In Bryant's boyhood New England farm life was very simple. The farmers lived in log or slab houses, whose kitchens formed the living room, where the meals were generally taken. Heat was supplied by the great fireplaces that sometimes filled one whole side of the kitchen and were furnished with cranes, spits, and pothooks. Behind the kitchen door hung a bundle of birch rods with which mischievous boys were kept in order, and in the recess of the chimney stood the wooden settle where the children sat before bed-time to watch the fire or glance up through the wide chimney at the stars.
Here, when three years old, Bryant often stood book in hand and with painful attention to gesture repeated one of Watts's hymns, while his mother listened and corrected. Here he prepared his lessons, and wrote those first childish poems so carefully criticised by his father, who was his teacher in the art of composition. In the poem called A Lifetime Bryant long afterward described many incidents of his childhood and the influence of his father and mother upon his art, one developing his talent for composition, and the other directing his imagination to and enlisting his sympathies with humanity. This poem shows the boy by his mother's knee, reading the story of Pharaoh and the Israelites, of David and Goliath, and of the life of Christ. As he grew older Bryant shared the usual amusements of country life. In the spring he took his turn in the maple-sugar camp; in the autumn he attended the huskings when the young people met to husk the corn in each neighborhood barn successively, until all was done. He helped at the cider-making bees, and the apple parings, when the cider and apple sauce were prepared for the year's need; and at the house raisings, when men and boys raised the frame of a neighbor's house or barn. In those times the farmers depended upon each other for such friendly aid, and the community seemed like one great family.
On Sunday everyone went three times to meeting, listened to long sermons, and sang out of the old Bay Psalm Book. If any unlucky child fell asleep he was speedily waked up by the tithingman, who would tickle his nose with a hare's-foot attached to a long pole. Once in a while a boy might be restless or noisy, and then he was led out of the meeting-house and punished with the tithingman's rod, a terrible disgrace.
Throughout his childhood Bryant wrote verses upon every subject discussed in the family, and in those days New England families discussed all the great events of the time. The listening children became public-spirited and patriotic without knowing it. At thirteen Bryant wrote a most scathing satire upon the policy of Thomas Jefferson, intended to make the President hang his head in shame. It was quoted in all the newspapers opposed to Jefferson, and a second edition of this pamphlet was called for in a few months. Bryant here prophesies the evils in store for the country if the President insisted on the embargo that was then laid upon American vessels, and advises him to retire to the bogs of Louisiana and search for horned frogs; advice which Jefferson did not feel called upon to follow. It was Bryant's first introduction to the reading public, but it was not that path in literature that he was destined to follow. Only one or two of his earliest verses give any hint of the poet of nature, though it was during this time that he absorbed those influences that directed his whole life. It is from the retrospective poem, Green River, that we really know the boy Bryant to whom the charm of sky and wood and singing brook was so unconscious that it seemed a part of life itself. In Green River, written after he became a man, we hear the echoes of his young days, and we know that the boy's soul had already entered into a close communion with nature.

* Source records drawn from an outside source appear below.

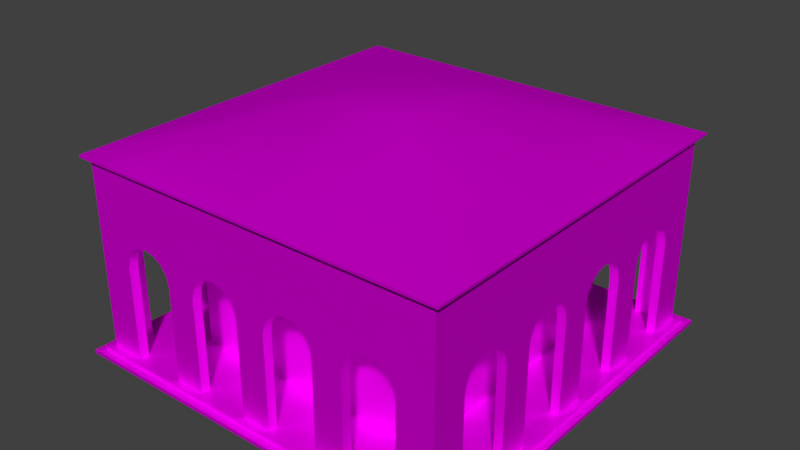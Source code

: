 # Source: Edificio4Arcate.blend  (saved by Blender 2.78.0; exported with 4.5.12 LTS)
import bpy
from mathutils import Matrix  # noqa: F401  (used for matrix-valued properties, if any)

bpy.ops.wm.read_factory_settings(use_empty=True)
scene = bpy.context.scene
scene.name = 'Scene'

# ---- collections
col_collection_1 = bpy.data.collections.new('Collection 1'); scene.collection.children.link(col_collection_1)

# ---- images (referenced by path relative to the original .blend; pixels are not part of the script)
import os
ASSET_DIR = os.environ.get("B2B_ASSET_DIR", "")  # directory of the original .blend (textures are referenced by path, not embedded)
HERE = os.path.dirname(os.path.abspath(__file__))  # packed textures are extracted next to this script under _unpacked/

def load_image(name, relpath, width, height, colorspace="sRGB"):
    """Load a texture the original file referenced (path relative to the .blend, or extracted next to this script)."""
    p = next((c for c in (os.path.join(HERE, relpath), os.path.join(ASSET_DIR, relpath)) if relpath and os.path.exists(c)), "")
    if p:
        img = bpy.data.images.load(p, check_existing=True)
        img.name = name
    else:  # same state as the original file: an image datablock whose file is absent (Cycles renders it pink)
        img = bpy.data.images.new(name, width, height)
        img.source = "FILE"
        img.filepath = "//" + (relpath or name)
    img.colorspace_settings.name = colorspace
    return img
img_edificiocavour_mod_txt_normalmap_png = load_image('EdificioCavour_mod_TXT_NormalMap.png', 'EdificioCavour_mod_TXT_NormalMap.png', 1024, 1024, 'sRGB')
img_edificiocavour_txt_png = load_image('EdificioCavour_TXT.png', 'Textures/EdificioCavour_TXT.png', 1024, 1024, 'sRGB')

# ---- materials (node trees are filled in below, after node groups)
mat_material_edificiocavour = bpy.data.materials.new('Material_EdificioCavour')
mat_material_edificiocavour.alpha_threshold = 0.0
mat_material_edificiocavour.roughness = 0.5

# ---- node groups
ng_auto_smooth = bpy.data.node_groups.new('Auto Smooth', 'GeometryNodeTree')
_s = ng_auto_smooth.interface.new_socket(name='Geometry', in_out='OUTPUT', socket_type='NodeSocketGeometry')
_s = ng_auto_smooth.interface.new_socket(name='Geometry', in_out='INPUT', socket_type='NodeSocketGeometry')
_s = ng_auto_smooth.interface.new_socket(name='Angle', in_out='INPUT', socket_type='NodeSocketFloat')
_s.subtype = 'ANGLE'
_s.min_value = 0.0
_s.max_value = 3.142
ng_auto_smooth.is_modifier = True
_N = ng_auto_smooth.nodes; _L = ng_auto_smooth.links
n0 = _N.new('NodeGroupOutput'); n0.name = 'Group Output'; n0.location = (480, -100)
n1 = _N.new('NodeGroupInput'); n1.name = 'Group Input'; n1.location = (-420, -300)
n2 = _N.new('NodeGroupInput'); n2.name = 'Group Input.001'; n2.location = (-60, -100)
n3 = _N.new('GeometryNodeSetShadeSmooth'); n3.name = 'Set Shade Smooth'; n3.location = (120, -100)
n3.domain = 'EDGE'
n4 = _N.new('GeometryNodeSetShadeSmooth'); n4.name = 'Set Shade Smooth.001'; n4.location = (300, -100)
n5 = _N.new('GeometryNodeInputMeshEdgeAngle'); n5.name = 'Edge Angle'; n5.location = (-420, -220)
n6 = _N.new('GeometryNodeInputEdgeSmooth'); n6.name = 'Is Edge Smooth'; n6.location = (-60, -160)
n7 = _N.new('GeometryNodeInputShadeSmooth'); n7.name = 'Is Face Smooth'; n7.location = (-240, -340)
n8 = _N.new('FunctionNodeBooleanMath'); n8.name = 'Boolean Math'; n8.location = (-60, -220)
n9 = _N.new('FunctionNodeCompare'); n9.name = 'Compare'; n9.location = (-240, -180)
n9.operation = 'LESS_EQUAL'
_L.new(n5.outputs[0], n9.inputs[0])
_L.new(n4.outputs[0], n0.inputs[0])
_L.new(n1.outputs[1], n9.inputs[1])
_L.new(n9.outputs[0], n8.inputs[0])
_L.new(n7.outputs[0], n8.inputs[1])
_L.new(n2.outputs[0], n3.inputs[0])
_L.new(n6.outputs[0], n3.inputs[1])
_L.new(n3.outputs[0], n4.inputs[0])
_L.new(n8.outputs[0], n3.inputs[2])
n0.is_active_output = True

# ---- material node trees
mat_material_edificiocavour.use_nodes = True; mat_material_edificiocavour.node_tree.nodes.clear()
_N = mat_material_edificiocavour.node_tree.nodes; _L = mat_material_edificiocavour.node_tree.links
n0 = _N.new('ShaderNodeBsdfDiffuse'); n0.name = 'Diffuse BSDF'; n0.location = (21, 336)
n1 = _N.new('ShaderNodeOutputMaterial'); n1.name = 'Material Output'; n1.location = (587, 276)
n2 = _N.new('ShaderNodeBsdfAnisotropic'); n2.name = 'Glossy BSDF'; n2.location = (5, 191)
n2.distribution = 'GGX'
n2.inputs[1].default_value = 0.4472
n3 = _N.new('ShaderNodeNormalMap'); n3.name = 'Normal Map'; n3.location = (303, 80)
n3.uv_map = 'UVMap'
n4 = _N.new('ShaderNodeTexImage'); n4.name = 'Image Texture.001'; n4.location = (66, 7)
n4.width = 140
n4.image = img_edificiocavour_mod_txt_normalmap_png
n5 = _N.new('ShaderNodeMixShader'); n5.name = 'Mix Shader'; n5.location = (345, 310)
n6 = _N.new('ShaderNodeTexImage'); n6.name = 'Image Texture'; n6.location = (-288, 299)
n6.width = 140
n6.image = img_edificiocavour_txt_png
n7 = _N.new('ShaderNodeDisplacement'); n7.name = 'Displacement'; n7.location = (0, 0)
n7.inputs[1].default_value = 0.0
n7.inputs[2].default_value = 0.1
_L.new(n6.outputs[0], n0.inputs[0])
_L.new(n0.outputs[0], n5.inputs[2])
_L.new(n5.outputs[0], n1.inputs[0])
_L.new(n6.outputs[0], n2.inputs[0])
_L.new(n4.outputs[0], n3.inputs[1])
_L.new(n2.outputs[0], n5.inputs[1])
_L.new(n3.outputs[0], n7.inputs[0])
_L.new(n7.outputs[0], n1.inputs[2])
n1.is_active_output = True

# ---- world
world_world = bpy.data.worlds.new('World'); scene.world = world_world
world_world.color = (0.05088, 0.05088, 0.05088)
world_world.use_sun_shadow = False
world_world.sun_shadow_jitter_overblur = 0.0
world_world.cycles.sampling_method = 'MANUAL'

# ---- meshes
me_circle = bpy.data.meshes.new('Circle')
me_circle.from_pydata([(2.032, -3.572, 2.307), (2.587, -3.572, 2.416), (1.922, -3.572, 2.143), (0.2893, -3.572, 1.948), (0.3279, -3.572, 2.142), (0.4377, -3.572, 2.306), (0.6021, -3.572, 2.416), (0.796, -3.572, 2.454), (1.883, -3.572, 1.949), (0.2893, -3.572, 0.1432), (2.39, -3.572, 2.456), (0.796, -3.572, 3.727), (2.196, -3.572, 2.417), (1.305, -3.572, 1.949), (1.266, -3.572, 2.143), (1.156, -3.572, 2.307), (0.9918, -3.572, 2.417), (1.883, -3.572, 0.1432), (1.305, -3.572, 0.1432), (2.39, -3.572, 3.727), (2.752, -3.572, 2.307), (2.861, -3.572, 2.142), (2.9, -3.572, 1.948), (3.573, -3.572, 2.307), (3.573, -3.572, 2.142), (3.573, -3.572, 1.948), (2.9, -3.572, 0.1432), (3.573, -3.572, 0.1432), (3.573, -3.572, 3.726), (3.404, -1.155, 2.307), (3.404, -1.265, 2.143), (3.404, -1.304, 1.949), (3.404, -2.195, 2.417), (3.404, -2.389, 2.456), (3.404, -0.2884, 0.1432), (2.032, -3.389, 2.307), (2.587, -3.389, 2.416), (1.922, -3.389, 2.143), (0.2893, -3.389, 1.948), (0.3279, -3.389, 2.142), (0.4377, -3.389, 2.306), (0.6021, -3.389, 2.416), (0.796, -3.389, 2.454), (1.883, -3.389, 1.949), (0.2893, -3.389, 0.1432), (2.39, -3.389, 2.456), (2.196, -3.389, 2.417), (1.305, -3.389, 1.949), (1.266, -3.389, 2.143), (1.156, -3.389, 2.307), (0.9918, -3.389, 2.417), (1.883, -3.389, 0.1432), (1.305, -3.389, 0.1432), (2.752, -3.389, 2.307), (2.861, -3.389, 2.142), (2.9, -3.389, 1.948), (2.9, -3.389, 0.1432), (3.404, -1.882, 1.949), (3.404, -0.7951, 2.454), (3.404, -0.6012, 2.416), (3.404, -3.389, 2.307), (3.404, -3.389, 2.142), (3.404, -3.389, 1.948), (3.404, -3.389, 0.1432), (3.404, -0.4368, 2.306), (3.404, -0.3269, 2.142), (3.404, -0.2884, 1.948), (3.404, -1.921, 2.143), (3.404, -2.586, 2.416), (3.404, -2.031, 2.307), (3.573, -3.572, 2.455), (3.573, -2.899, 0.1432), (3.573, -3.572, 2.416), (3.573, -2.899, 1.948), (3.573, -2.861, 2.142), (3.573, -2.751, 2.307), (3.573, -2.389, 3.727), (3.573, -1.304, 0.1432), (3.573, -1.882, 0.1432), (3.573, -0.9908, 2.417), (3.573, -1.155, 2.307), (3.573, -1.265, 2.143), (3.573, -1.304, 1.949), (3.573, -2.195, 2.417), (3.573, -0.7969, 3.727), (3.573, -2.389, 2.456), (3.573, -0.2884, 0.1432), (3.573, -1.882, 1.949), (3.573, -0.7951, 2.454), (3.573, -0.6012, 2.416), (3.573, -0.4368, 2.306), (3.573, -0.3269, 2.142), (3.573, -0.2884, 1.948), (3.573, -1.921, 2.143), (3.573, -2.586, 2.416), (3.573, -2.031, 2.307), (3.404, -0.9908, 2.417), (3.404, -1.882, 0.1432), (3.404, -1.304, 0.1432), (3.404, -2.751, 2.307), (3.404, -2.861, 2.142), (3.404, -2.899, 1.948), (3.404, -2.899, 0.1432), (3.404, -3.389, 2.416), (3.404, -3.389, 2.456), (0.796, -3.702, 3.783), (2.39, -3.702, 3.783), (3.703, -3.702, 3.783), (3.703, -2.389, 3.783), (3.703, -0.7969, 3.783), (0.796, -3.702, 3.832), (2.39, -3.702, 3.832), (3.703, -3.702, 3.831), (3.703, -2.389, 3.832), (3.703, -0.7969, 3.832), (0.796, -0.7969, 4.615), (2.136, -2.137, 4.252), (0.796, -2.389, 2.454), (2.39, -2.389, 2.456), (2.39, -0.7951, 2.454), (0.796, -2.389, 0.1432), (2.39, -2.389, 0.1432), (2.39, -0.7951, 0.1432), (3.703, -3.702, 0.1432), (3.703, -2.899, 0.1432), (3.703, -1.304, 0.1432), (3.703, -1.882, 0.1432), (3.703, -0.2884, 0.1432), (0.2893, -3.702, 0.1432), (1.883, -3.702, 0.1432), (1.305, -3.702, 0.1432), (2.9, -3.702, 0.1432), (3.703, -3.702, 0.07104), (3.703, -2.899, 0.07104), (3.703, -1.304, 0.07104), (3.703, -1.882, 0.07104), (3.703, -0.2884, 0.07104), (0.2893, -3.702, 0.07104), (1.883, -3.702, 0.07104), (1.305, -3.702, 0.07104), (2.9, -3.702, 0.07104), (3.839, -3.839, 0.07104), (0.2893, -3.839, 0.07104), (1.883, -3.839, 0.07104), (1.305, -3.839, 0.07104), (2.9, -3.839, 0.07104), (3.839, -3.839, 8.106e-05), (3.839, -2.899, 0.07104), (3.839, -1.304, 0.07104), (3.839, -1.882, 0.07104), (3.839, -0.2884, 0.07104), (0.2893, -3.839, 8.106e-05), (1.883, -3.839, 8.106e-05), (1.305, -3.839, 8.106e-05), (2.9, -3.839, 8.106e-05), (3.839, -2.899, 8.106e-05), (3.839, -1.304, 8.106e-05), (3.839, -1.882, 8.106e-05), (3.839, -0.2884, 8.106e-05), (3.573, 0.000911, 1.948), (3.573, 0.000911, 2.142), (3.573, 0.000911, 2.306), (3.573, 0.000911, 2.416), (3.573, 0.000911, 0.1432), (3.573, 2.384e-07, 3.727), (3.573, 0.0009241, 2.455), (3.703, 2.98e-07, 3.783), (3.703, 2.98e-07, 3.832), (0.796, 2.384e-07, 4.615), (3.703, 0.000911, 0.1432), (3.703, 0.000911, 0.07104), (3.839, 0.000911, 0.07104), (3.839, 0.000911, 8.106e-05), (1.472e-05, -3.572, 1.948), (1.472e-05, -3.572, 2.142), (1.478e-05, -3.572, 2.306), (1.472e-05, -3.572, 2.416), (1.472e-05, -3.572, 0.1432), (0.0, -3.572, 3.727), (0.0, -3.572, 2.455), (0.0, -3.702, 3.783), (0.0, -3.702, 3.832), (0.0, -0.7969, 4.615), (1.478e-05, -3.702, 0.1432), (1.478e-05, -3.702, 0.07104), (1.478e-05, -3.839, 0.07104), (1.478e-05, -3.839, 8.106e-05), (0.0, 2.384e-07, 4.615), (1.594, -3.572, 1.949), (1.594, -3.572, 2.143), (1.594, -3.572, 2.307), (1.594, -3.572, 2.417), (1.594, -3.572, 0.1432), (1.593, -3.572, 3.727), (1.593, -3.572, 2.455), (3.573, -1.593, 0.1432), (3.573, -1.593, 2.307), (3.573, -1.593, 1.949), (3.573, -1.593, 2.417), (3.573, -1.593, 2.143), (3.573, -1.593, 3.727), (3.573, -1.592, 2.455), (1.593, -3.702, 3.783), (3.703, -1.593, 3.783), (1.593, -3.702, 3.832), (3.703, -1.593, 3.832), (1.195, -1.195, 4.508), (3.703, -1.593, 0.1432), (1.594, -3.702, 0.1432), (3.703, -1.593, 0.07104), (1.594, -3.702, 0.07104), (1.594, -3.839, 0.07104), (3.839, -1.593, 0.07104), (1.594, -3.839, 8.106e-05), (3.839, -1.593, 8.106e-05), (0.796, -3.572, 2.667), (2.39, -3.572, 2.668), (3.573, -2.389, 2.668), (3.573, -0.7954, 2.667), (3.573, -3.572, 2.667), (3.573, 0.00077, 2.667), (0.0, -3.572, 2.667), (3.573, -1.592, 2.667), (1.593, -3.572, 2.667), (0.796, -3.572, 3.634), (2.39, -3.572, 3.634), (3.573, -2.389, 3.634), (3.573, -0.7966, 3.634), (0.0, -3.572, 3.634), (1.593, -3.572, 3.634), (3.573, -3.572, 3.634), (3.573, 0.0001825, 3.634), (3.573, -1.593, 3.634), (1.472e-05, -3.389, 1.948), (1.472e-05, -3.389, 2.142), (1.472e-05, -3.389, 2.306), (1.472e-05, -3.389, 2.416), (1.472e-05, -3.389, 2.454), (1.472e-05, -3.389, 0.1432), (1.472e-05, -2.389, 2.454), (1.472e-05, -2.389, 0.1432), (3.404, 0.000911, 0.1432), (3.404, 0.000911, 2.454), (3.404, 0.000911, 2.416), (3.404, 0.000911, 2.306), (3.404, 0.000911, 2.142), (3.404, 0.000911, 1.948), (2.39, 0.000911, 2.454), (2.39, 0.000911, 0.1432)], [], [(21, 24, 23, 20), (188, 189, 14, 13), (189, 190, 15, 14), (190, 191, 16, 15), (188, 13, 18, 192), (228, 224, 11, 178), (22, 25, 24, 21), (22, 26, 27, 25), (229, 225, 19, 193), (191, 194, 7, 16), (51, 52, 47, 43), (73, 74, 24, 25), (71, 102, 101, 73), (47, 48, 37, 43), (48, 49, 35, 37), (79, 96, 58, 88), (68, 103, 104, 33), (96, 29, 69, 32), (32, 33, 58, 96), (13, 14, 48, 47), (14, 15, 49, 48), (22, 21, 54, 55), (0, 2, 37, 35), (15, 16, 50, 49), (1, 10, 45, 36), (10, 12, 46, 45), (12, 0, 35, 46), (2, 8, 43, 37), (4, 3, 38, 39), (18, 13, 47, 52), (3, 9, 44, 38), (5, 4, 39, 40), (8, 17, 51, 43), (21, 20, 53, 54), (6, 5, 40, 41), (20, 1, 36, 53), (7, 6, 41, 42), (16, 7, 42, 50), (26, 22, 55, 56), (46, 50, 42, 45), (74, 100, 99, 75), (50, 46, 35, 49), (54, 53, 60, 61), (230, 226, 76, 28), (74, 75, 23, 24), (56, 55, 62, 63), (55, 54, 61, 62), (73, 101, 100, 74), (83, 32, 69, 95), (80, 29, 96, 79), (30, 67, 69, 29), (82, 31, 30, 81), (31, 57, 67, 30), (75, 94, 72, 23), (20, 23, 72, 1), (232, 200, 76, 226), (198, 79, 88, 201), (97, 57, 31, 98), (231, 164, 84, 227), (197, 195, 77, 82), (199, 81, 80, 196), (197, 82, 81, 199), (91, 65, 66, 92), (95, 69, 67, 93), (93, 67, 57, 87), (94, 68, 33, 85), (81, 30, 29, 80), (85, 33, 32, 83), (94, 85, 70, 72), (230, 28, 19, 225), (88, 58, 59, 89), (89, 59, 64, 90), (77, 98, 31, 82), (92, 66, 34, 86), (90, 64, 65, 91), (87, 57, 97, 78), (75, 99, 68, 94), (196, 80, 79, 198), (1, 72, 70, 10), (99, 60, 103, 68), (100, 61, 60, 99), (36, 45, 104, 103), (53, 36, 103, 60), (102, 63, 62, 101), (73, 25, 27, 71), (101, 62, 61, 100), (19, 28, 107, 106), (28, 76, 108, 107), (193, 19, 106, 202), (200, 84, 109, 203), (178, 11, 105, 180), (202, 106, 111, 204), (180, 105, 110, 181), (106, 107, 112, 111), (107, 108, 113, 112), (203, 109, 114, 205), (181, 110, 115, 182), (204, 111, 116, 206), (205, 114, 115, 206), (58, 33, 118, 119), (45, 42, 117, 118), (104, 45, 118, 33), (119, 118, 121, 122), (118, 117, 120, 121), (52, 44, 9, 18), (17, 26, 56, 51), (78, 97, 102, 71), (86, 34, 98, 77), (51, 121, 120, 52), (63, 121, 51, 56), (63, 102, 97, 121), (97, 98, 122, 121), (86, 77, 125, 127), (163, 86, 127, 169), (195, 78, 126, 207), (78, 71, 124, 126), (71, 27, 123, 124), (18, 9, 128, 130), (26, 17, 129, 131), (192, 18, 130, 208), (27, 26, 131, 123), (126, 124, 133, 135), (207, 126, 135, 209), (123, 131, 140, 132), (130, 128, 137, 139), (127, 125, 134, 136), (208, 130, 139, 210), (169, 127, 136, 170), (131, 129, 138, 140), (124, 123, 132, 133), (139, 137, 142, 144), (210, 139, 144, 211), (132, 140, 145, 141), (140, 138, 143, 145), (136, 134, 148, 150), (141, 145, 154, 146), (170, 136, 150, 171), (209, 135, 149, 212), (135, 133, 147, 149), (133, 132, 141, 147), (144, 142, 151, 153), (149, 147, 155, 157), (171, 150, 158, 172), (145, 143, 152, 154), (150, 148, 156, 158), (211, 144, 153, 213), (147, 141, 146, 155), (212, 149, 157, 214), (182, 115, 168, 187), (114, 167, 168, 115), (109, 166, 167, 114), (84, 164, 166, 109), (91, 160, 161, 90), (90, 161, 162, 89), (92, 159, 160, 91), (92, 86, 163, 159), (89, 162, 165, 88), (142, 185, 186, 151), (137, 184, 185, 142), (128, 183, 184, 137), (9, 177, 183, 128), (6, 7, 179, 176), (3, 173, 177, 9), (5, 6, 176, 175), (3, 4, 174, 173), (4, 5, 175, 174), (148, 212, 214, 156), (143, 211, 213, 152), (134, 209, 212, 148), (138, 210, 211, 143), (129, 208, 210, 138), (125, 207, 209, 134), (17, 192, 208, 129), (77, 195, 207, 125), (113, 205, 206, 116), (110, 204, 206, 115), (108, 203, 205, 113), (105, 202, 204, 110), (76, 200, 203, 108), (11, 193, 202, 105), (95, 196, 198, 83), (87, 197, 199, 93), (93, 199, 196, 95), (87, 78, 195, 197), (83, 198, 201, 85), (227, 84, 200, 232), (12, 10, 194, 191), (224, 229, 193, 11), (8, 188, 192, 17), (0, 12, 191, 190), (2, 0, 190, 189), (8, 2, 189, 188), (7, 194, 223, 215), (88, 218, 222, 201), (70, 219, 216, 10), (165, 220, 218, 88), (201, 222, 217, 85), (70, 85, 217, 219), (194, 10, 216, 223), (179, 7, 215, 221), (215, 223, 229, 224), (218, 227, 232, 222), (219, 230, 225, 216), (220, 231, 227, 218), (222, 232, 226, 217), (219, 217, 226, 230), (223, 216, 225, 229), (221, 215, 224, 228), (111, 112, 116), (112, 113, 116), (38, 44, 238, 233), (42, 41, 236, 237), (40, 39, 234, 235), (41, 40, 235, 236), (39, 38, 233, 234), (120, 117, 239, 240), (117, 42, 237, 239), (44, 52, 120), (44, 120, 240, 238), (66, 65, 245, 246), (34, 66, 246, 241), (59, 58, 242, 243), (64, 59, 243, 244), (65, 64, 244, 245), (119, 122, 248, 247), (98, 34, 122), (241, 248, 122, 34), (119, 247, 242, 58)])
me_circle.polygons.foreach_set('use_smooth', [True] * 228)
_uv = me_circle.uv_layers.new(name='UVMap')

But Bryant had not yet reached manhood when the true voice of his heart was heard in the most celebrated poem that he ever wrote, and one of the most remarkable ever written by a youth. This was Thanatopsis, which his father discovered among his papers and sent to the North American Review without his son's knowledge, so little did the poet of eighteen, who five years before had published the tirade against Jefferson, realize that he had produced the most remarkable verses yet written in America.
Thanatopsis attracted instant attention in this country and in England. It had appeared anonymously, and American critics insisted that it could not be the work of an American author as no native poet approached it either in sublimity of thought or perfection of style. But Thanatopsis bears no trace of English influence, nor was it strange that an heir of the Puritan spirit, who had lived in daily communion with nature, should thus set to the music of poetry the hopes and inspirations of his race.
Thanatopsis is the first great American poem, and it divides by a sharp line the poetry hitherto written on our soil from that which was to follow. Henceforth the poets of the newer England ceased to find their greatest inspiration in the older land. At the time of the publication of the poem Bryant was studying law in Great Barrington, Mass., having been obliged by poverty to leave college after a two years' course. It was in the brief interval before beginning his office studies that he wrote Thanatopsis putting it aside for future revision.
He was already hard at work upon his profession when his sudden literary success changed all his plans. Destined by nature to be a man of letters, he poured forth verse and prose during the whole time he was studying and practising law. Six months after the publication of Thanatopsis the poem entitled To a Waterfowl, suggested by the devious flight of a wild duck across the sunset sky, appeared.
It is a perfect picture of the reedy river banks, the wet marshes, and the lonely lakes over which the bird hovered, and it is full of the charm of nature herself. From this time on Bryant's touch never faltered. He was the chosen poet of the wild beauty of his native hills and valleys, and his own pure spirit revealed the most sacred meanings of this beauty.